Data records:

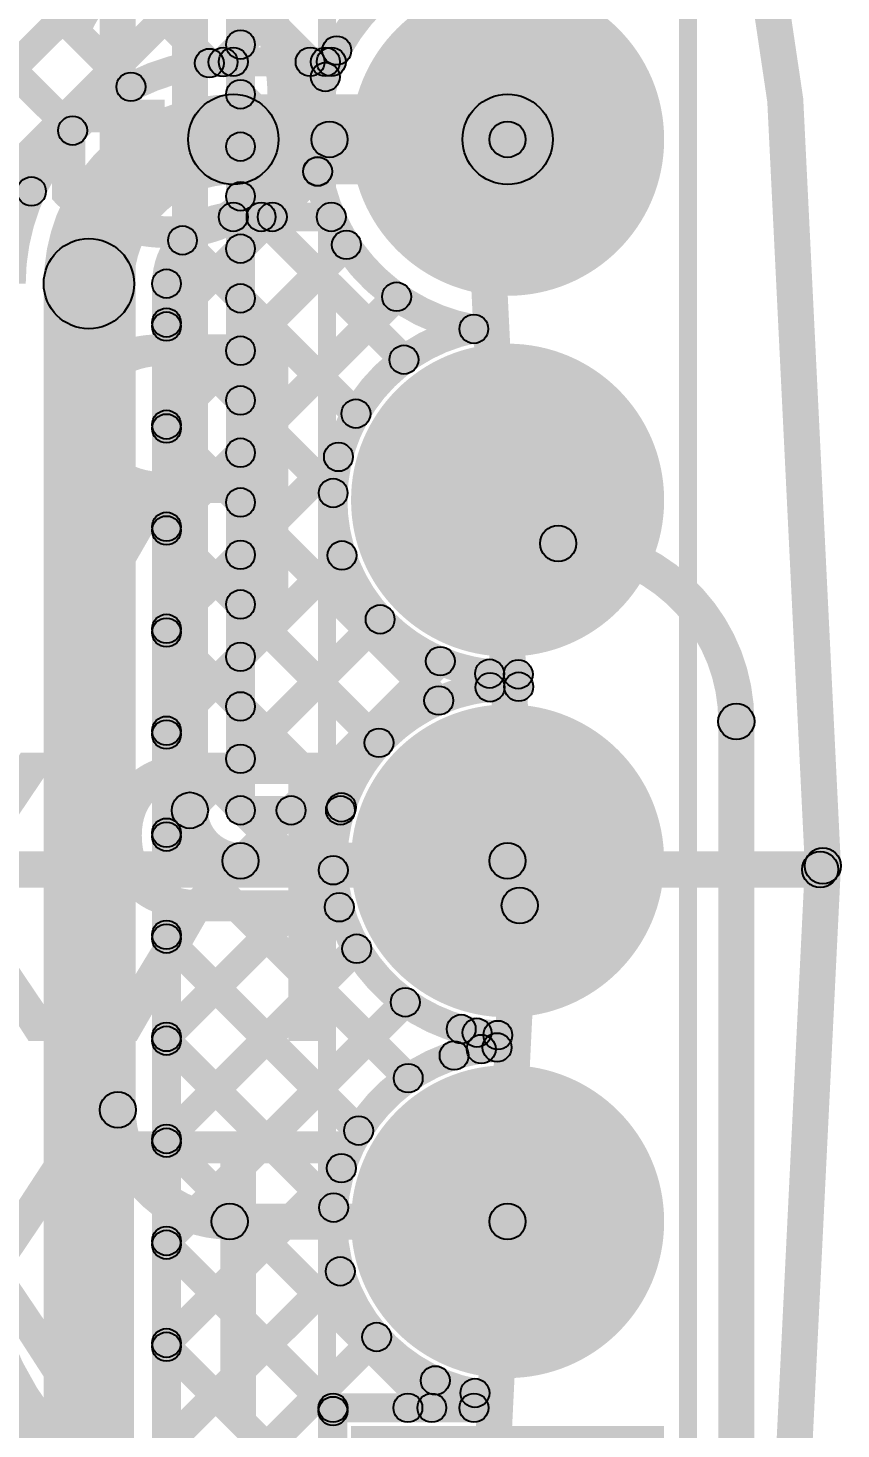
# Model space of a CAD drawing. Header units: millimetres. Extents: x -2.17 to 2.17, y -2.17 to 2.17.
# Drawn here: x 1.9451 to 2.1704, y -0.1551 to 0.2333 of the extents above; entities that cross this region are included whole.
import ezdxf

# ---------------------------------------------------------------- set-up
doc = ezdxf.new("R2010")
doc.units = ezdxf.units.MM
doc.header["$MEASUREMENT"] = 0
for name, color, linetype in [('BottomLayer', 5, 'Continuous'), ('BottomOverlay', 54, 'Continuous'), ('BottomSolder', 6, 'Continuous'), ('Mechanical1', 6, 'Continuous'), ('Mechanical2', 216, 'Continuous'), ('MultiLayer', 9, 'Continuous'), ('PadHoleLayer', 156, 'Continuous'), ('TopLayer', 1, 'Continuous'), ('TopSolder', 216, 'Continuous')]:
    doc.layers.add(name, color=color, linetype=linetype)

# ---------------------------------------------------------------- blocks, each defined once
blk = doc.blocks.new('PZ254V_11_05P_B_282')
at = {"layer": 'BottomLayer'}
h = blk.add_hatch(color=5, dxfattribs=at)
edge = h.paths.add_edge_path()
edge.add_arc((-0.1, 0), 0.03937, 0, 360)
h = blk.add_hatch(color=5, dxfattribs=at)
edge = h.paths.add_edge_path()
edge.add_arc((0, 0), 0.03937, 0, 360)
h = blk.add_hatch(color=5, dxfattribs=at)
edge = h.paths.add_edge_path()
edge.add_arc((0.1, 0), 0.03937, 0, 360)
h = blk.add_hatch(color=5, dxfattribs=at)
edge = h.paths.add_edge_path()
edge.add_arc((0.2, 0), 0.03937, 0, 360)
at = {"layer": 'BottomOverlay'}
for points in [[(-0.25, 0.0475), (-0.25, 0.0525), (0.25, 0.0525), (0.25, 0.0475)], [(-0.25, -0.0525), (-0.25, -0.0475), (0.25, -0.0475), (0.25, -0.0525)]]:
    blk.add_hatch(color=54, dxfattribs=at).paths.add_polyline_path(points)
at = {"layer": 'BottomSolder'}
blk.add_hatch(color=6, dxfattribs=at).paths.add_polyline_path([(-0.24337, 0.04337), (-0.15663, 0.04337), (-0.15663, -0.04337), (-0.24337, -0.04337)])
h = blk.add_hatch(color=6, dxfattribs=at)
edge = h.paths.add_edge_path()
edge.add_arc((-0.1, 0), 0.04337, 0, 360)
h = blk.add_hatch(color=6, dxfattribs=at)
edge = h.paths.add_edge_path()
edge.add_arc((0, 0), 0.04337, 0, 360)
h = blk.add_hatch(color=6, dxfattribs=at)
edge = h.paths.add_edge_path()
edge.add_arc((0.1, 0), 0.04337, 0, 360)
h = blk.add_hatch(color=6, dxfattribs=at)
edge = h.paths.add_edge_path()
edge.add_arc((0.2, 0), 0.04337, 0, 360)
at = {"layer": 'MultiLayer'}
h = blk.add_hatch(color=9, dxfattribs=at)
edge = h.paths.add_edge_path()
edge.add_arc((-0.1, 0), 0.03937, 0, 360)
h = blk.add_hatch(color=9, dxfattribs=at)
edge = h.paths.add_edge_path()
edge.add_arc((0, 0), 0.03937, 0, 360)
h = blk.add_hatch(color=9, dxfattribs=at)
edge = h.paths.add_edge_path()
edge.add_arc((0.1, 0), 0.03937, 0, 360)
h = blk.add_hatch(color=9, dxfattribs=at)
edge = h.paths.add_edge_path()
edge.add_arc((0.2, 0), 0.03937, 0, 360)
at = {"layer": 'PadHoleLayer'}
h = blk.add_hatch(color=156, dxfattribs=at)
edge = h.paths.add_edge_path()
edge.add_arc((-0.1, 0), 0.02008, 0, 360)
h = blk.add_hatch(color=156, dxfattribs=at)
edge = h.paths.add_edge_path()
edge.add_arc((0, 0), 0.02008, 0, 360)
h = blk.add_hatch(color=156, dxfattribs=at)
edge = h.paths.add_edge_path()
edge.add_arc((0.1, 0), 0.02008, 0, 360)
h = blk.add_hatch(color=156, dxfattribs=at)
edge = h.paths.add_edge_path()
edge.add_arc((0.2, 0), 0.02008, 0, 360)
at = {"layer": 'TopLayer'}
h = blk.add_hatch(color=1, dxfattribs=at)
edge = h.paths.add_edge_path()
edge.add_arc((-0.1, 0), 0.03937, 0, 360)
h = blk.add_hatch(color=1, dxfattribs=at)
edge = h.paths.add_edge_path()
edge.add_arc((0, 0), 0.03937, 0, 360)
h = blk.add_hatch(color=1, dxfattribs=at)
edge = h.paths.add_edge_path()
edge.add_arc((0.1, 0), 0.03937, 0, 360)
h = blk.add_hatch(color=1, dxfattribs=at)
edge = h.paths.add_edge_path()
edge.add_arc((0.2, 0), 0.03937, 0, 360)
at = {"layer": 'TopSolder'}
blk.add_hatch(color=216, dxfattribs=at).paths.add_polyline_path([(-0.24337, 0.04337), (-0.15663, 0.04337), (-0.15663, -0.04337), (-0.24337, -0.04337)])
h = blk.add_hatch(color=216, dxfattribs=at)
edge = h.paths.add_edge_path()
edge.add_arc((-0.1, 0), 0.04337, 0, 360)
h = blk.add_hatch(color=216, dxfattribs=at)
edge = h.paths.add_edge_path()
edge.add_arc((0, 0), 0.04337, 0, 360)
h = blk.add_hatch(color=216, dxfattribs=at)
edge = h.paths.add_edge_path()
edge.add_arc((0.1, 0), 0.04337, 0, 360)
h = blk.add_hatch(color=216, dxfattribs=at)
edge = h.paths.add_edge_path()
edge.add_arc((0.2, 0), 0.04337, 0, 360)

msp = doc.modelspace()

# ---------------------------------------------------------------- hatches: boundary and pattern name
at = {"layer": 'BottomLayer'}
for points in [[(1.995, 0.01639), (1.985, 0.01639), (1.985, 0.54039), (1.995, 0.54039)], [(2.008, 0.01639), (2, 0.01639), (2, 0.54039), (2.008, 0.54039)], [(1.975, -0.06661), (1.965, -0.06661), (1.965, 0.5349), (1.975, 0.5349)], [(2.00683, 0.22583), (2.00117, 0.23148), (2.05937, 0.28969), (2.06503, 0.28403)], [(2.00117, 0.24035), (2.00683, 0.24601), (2.03033, 0.2225), (2.02468, 0.21685)], [(2.00683, 0.19754), (2.00117, 0.2032), (2.02783, 0.22986), (2.03349, 0.2242)], [(2.00117, 0.21207), (2.00683, 0.21773), (2.0282, 0.19635), (2.02254, 0.1907)], [(2.02863, 0.19739), (2.02863, 0.20739), (2.078, 0.20739), (2.078, 0.19739)], [(2.00683, 0.16926), (2.00117, 0.17492), (2.02255, 0.1963), (2.02821, 0.19064)], [(2.00117, 0.18378), (2.00683, 0.18944), (2.05212, 0.14415), (2.04646, 0.13849)], [(2.00683, 0.14097), (2.00117, 0.14663), (2.03052, 0.17598), (2.03618, 0.17032)], [(2.00683, 0.11269), (2.00117, 0.11835), (2.04442, 0.1616), (2.05008, 0.15594)], [(2.00117, 0.1555), (2.00683, 0.16116), (2.03881, 0.12918), (2.03315, 0.12352)], [(2.00117, 0.12722), (2.00683, 0.13287), (2.0325, 0.1072), (2.02684, 0.10154)], [(2.00683, 0.08441), (2.00117, 0.09006), (2.02831, 0.1172), (2.03397, 0.11154)], [(2.00117, 0.09893), (2.00683, 0.10459), (2.06175, 0.04967), (2.05609, 0.04401)], [(2.00683, 0.05612), (2.00117, 0.06178), (2.02929, 0.0899), (2.03495, 0.08424)], [(2.00117, 0.07065), (2.00683, 0.0763), (2.0452, 0.03793), (2.03954, 0.03228)], [(2.00683, 0.02784), (2.00117, 0.03349), (2.03985, 0.07217), (2.04551, 0.06652)], [(2.02084, 0.01356), (2.01518, 0.01922), (2.05654, 0.06058), (2.0622, 0.05492)], [(2.07697, 0.05398), (2.08496, 0.05424), (2.08508, 0.0508), (2.07708, 0.05053)], [(2.00117, 0.04236), (2.00683, 0.04802), (2.03479, 0.02006), (2.02913, 0.0144)], [(2.14637, -0.22124), (2.13637, -0.22124), (2.13637, 0.04102), (2.14637, 0.04102)], [(2.004, 0.01239), (2.004, 0.02039), (2.0317, 0.02039), (2.0317, 0.01239)], [(2.004, -0.00261), (2.004, 0.00739), (2.078, 0.00739), (2.078, -0.00261)], [(2.001, -0.10261), (2.001, -0.09261), (2.078, -0.09261), (2.078, -0.10261)]]:
    msp.add_hatch(color=5, dxfattribs=at).paths.add_polyline_path(points)
h = msp.add_hatch(color=5, dxfattribs=at)
edge = h.paths.add_edge_path()
edge.add_arc((2.004, 0.22866), 0.004, 0, 360)
h = msp.add_hatch(color=5, dxfattribs=at)
edge = h.paths.add_edge_path()
edge.add_arc((2.03066, 0.22703), 0.004, 0, 360)
h = msp.add_hatch(color=5, dxfattribs=at)
edge = h.paths.add_edge_path()
edge.add_arc((2.02751, 0.21967), 0.004, 0, 360)
h = msp.add_hatch(color=5, dxfattribs=at)
edge = h.paths.add_edge_path()
edge.add_arc((2.004, 0.2149), 0.004, 0, 360)
h = msp.add_hatch(color=5, dxfattribs=at)
edge = h.paths.add_edge_path()
edge.add_arc((2.02863, 0.20239), 0.005, 0, 360)
h = msp.add_hatch(color=5, dxfattribs=at)
edge = h.paths.add_edge_path()
edge.add_arc((2.078, 0.20239), 0.005, 0, 360)
h = msp.add_hatch(color=5, dxfattribs=at)
edge = h.paths.add_edge_path()
edge.add_arc((2.004, 0.20037), 0.004, 0, 360)
h = msp.add_hatch(color=5, dxfattribs=at)
edge = h.paths.add_edge_path()
edge.add_arc((2.02537, 0.19353), 0.004, 0, 360)
h = msp.add_hatch(color=5, dxfattribs=at)
edge = h.paths.add_edge_path()
edge.add_arc((2.02538, 0.19347), 0.004, 0, 360)
h = msp.add_hatch(color=5, dxfattribs=at)
edge = h.paths.add_edge_path()
edge.add_arc((2.004, 0.18661), 0.004, 0, 360)
h = msp.add_hatch(color=5, dxfattribs=at)
edge = h.paths.add_edge_path()
edge.add_arc((2.004, 0.17209), 0.004, 0, 360)
h = msp.add_hatch(color=5, dxfattribs=at)
edge = h.paths.add_edge_path()
edge.add_arc((2.03335, 0.17315), 0.004, 0, 360)
h = msp.add_hatch(color=5, dxfattribs=at)
edge = h.paths.add_edge_path()
edge.add_arc((2.004, 0.15833), 0.004, 0, 360)
h = msp.add_hatch(color=5, dxfattribs=at)
edge = h.paths.add_edge_path()
edge.add_arc((2.04725, 0.15877), 0.004, 0, 360)
h = msp.add_hatch(color=5, dxfattribs=at)
edge = h.paths.add_edge_path()
edge.add_arc((2.06864, 0.14985), 0.004, 0, 360)
h = msp.add_hatch(color=5, dxfattribs=at)
edge = h.paths.add_edge_path()
edge.add_arc((2.06864, 0.14985), 0.004, 0, 360)
h = msp.add_hatch(color=5, dxfattribs=at)
edge = h.paths.add_edge_path()
edge.add_arc((2.004, 0.1438), 0.004, 0, 360)
h = msp.add_hatch(color=5, dxfattribs=at)
edge = h.paths.add_edge_path()
edge.add_arc((2.04929, 0.14132), 0.004, 0, 360)
h = msp.add_hatch(color=5, dxfattribs=at)
edge = h.paths.add_edge_path()
edge.add_arc((2.004, 0.13004), 0.004, 0, 360)
h = msp.add_hatch(color=5, dxfattribs=at)
edge = h.paths.add_edge_path()
edge.add_arc((2.03598, 0.12635), 0.004, 0, 360)
h = msp.add_hatch(color=5, dxfattribs=at)
edge = h.paths.add_edge_path()
edge.add_arc((2.004, 0.11552), 0.004, 0, 360)
h = msp.add_hatch(color=5, dxfattribs=at)
edge = h.paths.add_edge_path()
edge.add_arc((2.03114, 0.11437), 0.004, 0, 360)
h = msp.add_hatch(color=5, dxfattribs=at)
edge = h.paths.add_edge_path()
edge.add_arc((2.004, 0.10176), 0.004, 0, 360)
h = msp.add_hatch(color=5, dxfattribs=at)
edge = h.paths.add_edge_path()
edge.add_arc((2.02967, 0.10437), 0.004, 0, 360)
h = msp.add_hatch(color=5, dxfattribs=at)
edge = h.paths.add_edge_path()
edge.add_arc((2.092, 0.09039), 0.005, 0, 360)
h = msp.add_hatch(color=5, dxfattribs=at)
edge = h.paths.add_edge_path()
edge.add_arc((2.004, 0.08723), 0.004, 0, 360)
h = msp.add_hatch(color=5, dxfattribs=at)
edge = h.paths.add_edge_path()
edge.add_arc((2.03212, 0.08707), 0.004, 0, 360)
h = msp.add_hatch(color=5, dxfattribs=at)
edge = h.paths.add_edge_path()
edge.add_arc((2.004, 0.07348), 0.004, 0, 360)
h = msp.add_hatch(color=5, dxfattribs=at)
edge = h.paths.add_edge_path()
edge.add_arc((2.04268, 0.06934), 0.004, 0, 360)
h = msp.add_hatch(color=5, dxfattribs=at)
edge = h.paths.add_edge_path()
edge.add_arc((2.004, 0.05895), 0.004, 0, 360)
h = msp.add_hatch(color=5, dxfattribs=at)
edge = h.paths.add_edge_path()
edge.add_arc((2.05937, 0.05775), 0.004, 0, 360)
h = msp.add_hatch(color=5, dxfattribs=at)
edge = h.paths.add_edge_path()
edge.add_arc((2.08096, 0.05411), 0.004, 0, 360)
h = msp.add_hatch(color=5, dxfattribs=at)
edge = h.paths.add_edge_path()
edge.add_arc((2.08096, 0.05411), 0.004, 0, 360)
h = msp.add_hatch(color=5, dxfattribs=at)
edge = h.paths.add_edge_path()
edge.add_arc((2.08108, 0.05066), 0.004, 0, 360)
h = msp.add_hatch(color=5, dxfattribs=at)
edge = h.paths.add_edge_path()
edge.add_arc((2.08108, 0.05066), 0.004, 0, 360)
h = msp.add_hatch(color=5, dxfattribs=at)
edge = h.paths.add_edge_path()
edge.add_arc((2.05892, 0.04684), 0.004, 0, 360)
h = msp.add_hatch(color=5, dxfattribs=at)
edge = h.paths.add_edge_path()
edge.add_arc((2.004, 0.04519), 0.004, 0, 360)
h = msp.add_hatch(color=5, dxfattribs=at)
edge = h.paths.add_edge_path()
edge.add_arc((2.14137, 0.04102), 0.005, 0, 360)
h = msp.add_hatch(color=5, dxfattribs=at)
edge = h.paths.add_edge_path()
edge.add_arc((2.14137, 0.04102), 0.005, 0, 360)
h = msp.add_hatch(color=5, dxfattribs=at)
edge = h.paths.add_edge_path()
edge.add_arc((2.04237, 0.0351), 0.004, 0, 360)
h = msp.add_hatch(color=5, dxfattribs=at)
edge = h.paths.add_edge_path()
edge.add_arc((2.004, 0.03067), 0.004, 0, 360)
h = msp.add_hatch(color=5, dxfattribs=at)
edge = h.paths.add_edge_path()
edge.add_arc((1.99, 0.01639), 0.005, 0, 360)
h = msp.add_hatch(color=5, dxfattribs=at)
edge = h.paths.add_edge_path()
edge.add_arc((1.99, 0.01639), 0.005, 0, 360)
h = msp.add_hatch(color=5, dxfattribs=at)
edge = h.paths.add_edge_path()
edge.add_arc((2.004, 0.01639), 0.004, 0, 360)
h = msp.add_hatch(color=5, dxfattribs=at)
edge = h.paths.add_edge_path()
edge.add_arc((2.004, 0.01639), 0.004, 0, 360)
h = msp.add_hatch(color=5, dxfattribs=at)
edge = h.paths.add_edge_path()
edge.add_arc((2.01801, 0.01639), 0.004, 0, 360)
h = msp.add_hatch(color=5, dxfattribs=at)
edge = h.paths.add_edge_path()
edge.add_arc((2.0317, 0.01639), 0.004, 0, 360)
h = msp.add_hatch(color=5, dxfattribs=at)
edge = h.paths.add_edge_path()
edge.add_arc((2.0317, 0.01639), 0.004, 0, 360)
h = msp.add_hatch(color=5, dxfattribs=at)
edge = h.paths.add_edge_path()
edge.add_arc((2.03196, 0.01723), 0.004, 0, 360)
h = msp.add_hatch(color=5, dxfattribs=at)
edge = h.paths.add_edge_path()
edge.add_arc((2.004, 0.00239), 0.005, 0, 360)
h = msp.add_hatch(color=5, dxfattribs=at)
edge = h.paths.add_edge_path()
edge.add_arc((2.004, 0.00239), 0.005, 0, 360)
h = msp.add_hatch(color=5, dxfattribs=at)
edge = h.paths.add_edge_path()
edge.add_arc((2.078, 0.00239), 0.005, 0, 360)
h = msp.add_hatch(color=5, dxfattribs=at)
edge = h.paths.add_edge_path()
edge.add_arc((1.97, -0.06661), 0.005, 0, 360)
h = msp.add_hatch(color=5, dxfattribs=at)
edge = h.paths.add_edge_path()
edge.add_arc((1.97, -0.06661), 0.005, 0, 360)
h = msp.add_hatch(color=5, dxfattribs=at)
edge = h.paths.add_edge_path()
edge.add_arc((2.001, -0.09761), 0.005, 0, 360)
h = msp.add_hatch(color=5, dxfattribs=at)
edge = h.paths.add_edge_path()
edge.add_arc((2.001, -0.09761), 0.005, 0, 360)
h = msp.add_hatch(color=5, dxfattribs=at)
edge = h.paths.add_edge_path()
edge.add_arc((2.078, -0.09761), 0.005, 0, 360)
at = {"layer": 'Mechanical1'}
msp.add_hatch(color=6, dxfattribs=at).paths.add_polyline_path([(0, -0.005), (0, 0.005), (2.16461, 0.005), (2.16461, -0.005)])
h = msp.add_hatch(color=6, dxfattribs=at)
edge = h.paths.add_edge_path()
edge.add_arc((2.16461, 0), 0.005, 0, 360)
at = {"layer": 'Mechanical2'}
h = msp.add_hatch(color=216, dxfattribs=at)
edge = h.paths.add_edge_path()
edge.add_arc((2.16535, 0.001), 0.005, 0, 360)
h = msp.add_hatch(color=216, dxfattribs=at)
edge = h.paths.add_edge_path()
edge.add_arc((2.08135, -0.01), 0.005, 0, 360)
at = {"layer": 'TopLayer'}
for points in [[(1.82848, 0.41305), (1.83413, 0.4187), (2.02612, 0.22672), (2.02046, 0.22106)], [(1.83067, 0.38257), (1.83633, 0.38823), (1.99819, 0.22636), (1.99254, 0.2207)], [(1.83067, 0.35428), (1.83633, 0.35994), (1.97648, 0.21979), (1.97082, 0.21414)], [(1.83067, 0.326), (1.83633, 0.33166), (1.96032, 0.20766), (1.95467, 0.20201)], [(1.85533, 0.1309), (1.84967, 0.13655), (2.04367, 0.33055), (2.04932, 0.32489)], [(1.83067, 0.29772), (1.83633, 0.30337), (1.9489, 0.1908), (1.94324, 0.18514)], [(1.85533, 0.10261), (1.84967, 0.10827), (2.04784, 0.30644), (2.0535, 0.30079)], [(2.002, 0.221), (1.99634, 0.22665), (2.05169, 0.282), (2.05735, 0.27635)], [(2.03035, 0.22106), (2.02469, 0.22672), (2.02783, 0.22986), (2.03349, 0.2242)], [(2.002, 0.21989), (2.002, 0.22789), (2.02915, 0.22789), (2.02915, 0.21989)], [(2.002, 0.18989), (2.002, 0.21489), (2.078, 0.21489), (2.078, 0.18989)], [(1.98633, 0.14876), (1.98067, 0.15442), (2.00997, 0.18372), (2.01563, 0.17806)], [(2.002, 0.17689), (2.002, 0.18489), (2.02915, 0.18489), (2.02915, 0.17689)], [(2.00689, 0.17806), (2.01255, 0.18372), (2.05212, 0.14415), (2.04646, 0.13849)], [(1.98633, 0.12047), (1.98067, 0.12613), (2.03052, 0.17598), (2.03618, 0.17032)], [(1.9851, 0.17157), (1.99076, 0.17723), (2.03881, 0.12918), (2.03315, 0.12352)], [(1.9745, -0.30561), (1.9495, -0.30561), (1.9495, 0.16239), (1.9745, 0.16239)], [(1.9875, -0.29133), (1.9795, -0.29133), (1.9795, 0.16239), (1.9875, 0.16239)], [(1.98633, 0.09219), (1.98067, 0.09785), (2.04442, 0.1616), (2.05008, 0.15594)], [(1.98067, 0.14772), (1.98633, 0.15337), (2.0325, 0.1072), (2.02684, 0.10154)], [(1.98067, 0.11943), (1.98633, 0.12509), (2.06175, 0.04967), (2.05609, 0.04401)], [(1.98633, 0.06391), (1.98067, 0.06956), (2.02831, 0.1172), (2.03397, 0.11154)], [(1.98067, 0.09115), (1.98633, 0.0968), (2.0452, 0.03793), (2.03954, 0.03228)], [(1.98633, 0.03562), (1.98067, 0.04128), (2.02929, 0.0899), (2.03495, 0.08424)], [(1.98633, 0.00734), (1.98067, 0.01299), (2.03985, 0.07217), (2.04551, 0.06652)], [(1.98067, 0.06286), (1.98633, 0.06852), (2.03479, 0.02006), (2.02913, 0.0144)], [(1.98633, -0.02095), (1.98067, -0.01529), (2.05654, 0.06058), (2.0622, 0.05492)], [(2.06901, 0.05414), (2.07701, 0.05441), (2.07713, 0.05065), (2.06914, 0.05038)], [(1.98067, 0.03458), (1.98633, 0.04024), (2.0342, -0.00763), (2.02854, -0.01329)], [(1.98067, 0.00629), (1.98633, 0.01195), (2.05329, -0.05501), (2.04764, -0.06067)], [(1.98633, -0.04923), (1.98067, -0.04357), (2.02687, 0.00263), (2.03253, -0.00303)], [(1.98067, -0.02199), (1.98633, -0.01633), (2.03955, -0.06956), (2.0339, -0.07522)], [(1.98633, -0.07752), (1.98067, -0.07186), (2.03339, -0.01914), (2.03904, -0.0248)], [(1.98633, -0.1058), (1.98067, -0.10014), (2.04683, -0.03398), (2.05249, -0.03964)], [(2.06602, -0.05439), (2.06036, -0.04873), (2.06669, -0.0424), (2.07235, -0.04806)], [(2.06232, -0.04707), (2.06798, -0.04141), (2.07353, -0.04697), (2.06787, -0.05262)], [(1.98067, -0.05027), (1.98633, -0.04462), (2.03261, -0.0909), (2.02696, -0.09656)], [(2.07907, -0.04958), (2.07109, -0.04907), (2.07131, -0.04565), (2.07929, -0.04616)], [(1.98067, -0.07856), (1.98633, -0.0729), (2.05984, -0.14641), (2.05418, -0.15207)], [(1.98633, -0.13408), (1.98067, -0.12843), (2.02912, -0.07998), (2.03478, -0.08563)], [(1.98067, -0.10684), (1.98633, -0.10119), (2.03246, -0.14732), (2.0268, -0.15297)], [(1.98633, -0.16237), (1.98067, -0.15671), (2.02881, -0.10857), (2.03447, -0.11423)], [(1.98633, -0.19065), (1.98067, -0.185), (2.03889, -0.12677), (2.04455, -0.13243)], [(1.98067, -0.13513), (1.98633, -0.12947), (2.03246, -0.1756), (2.0268, -0.18126)], [(2.0532, -0.15207), (2.04754, -0.14641), (2.05514, -0.13881), (2.0608, -0.14447)], [(2.02963, -0.15324), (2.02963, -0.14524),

# Exercise prompt
Every line in the records that holds the word "BottomSolder" should be copied into the answer.

# Result below
for name, color, linetype in [('BottomLayer', 5, 'Continuous'), ('BottomOverlay', 54, 'Continuous'), ('BottomSolder', 6, 'Continuous'), ('Mechanical1', 6, 'Continuous'), ('Mechanical2', 216, 'Continuous'), ('MultiLayer', 9, 'Continuous'), ('PadHoleLayer', 156, 'Continuous'), ('TopLayer', 1, 'Continuous'), ('TopSolder', 216, 'Continuous')]:
at = {"layer": 'BottomSolder'}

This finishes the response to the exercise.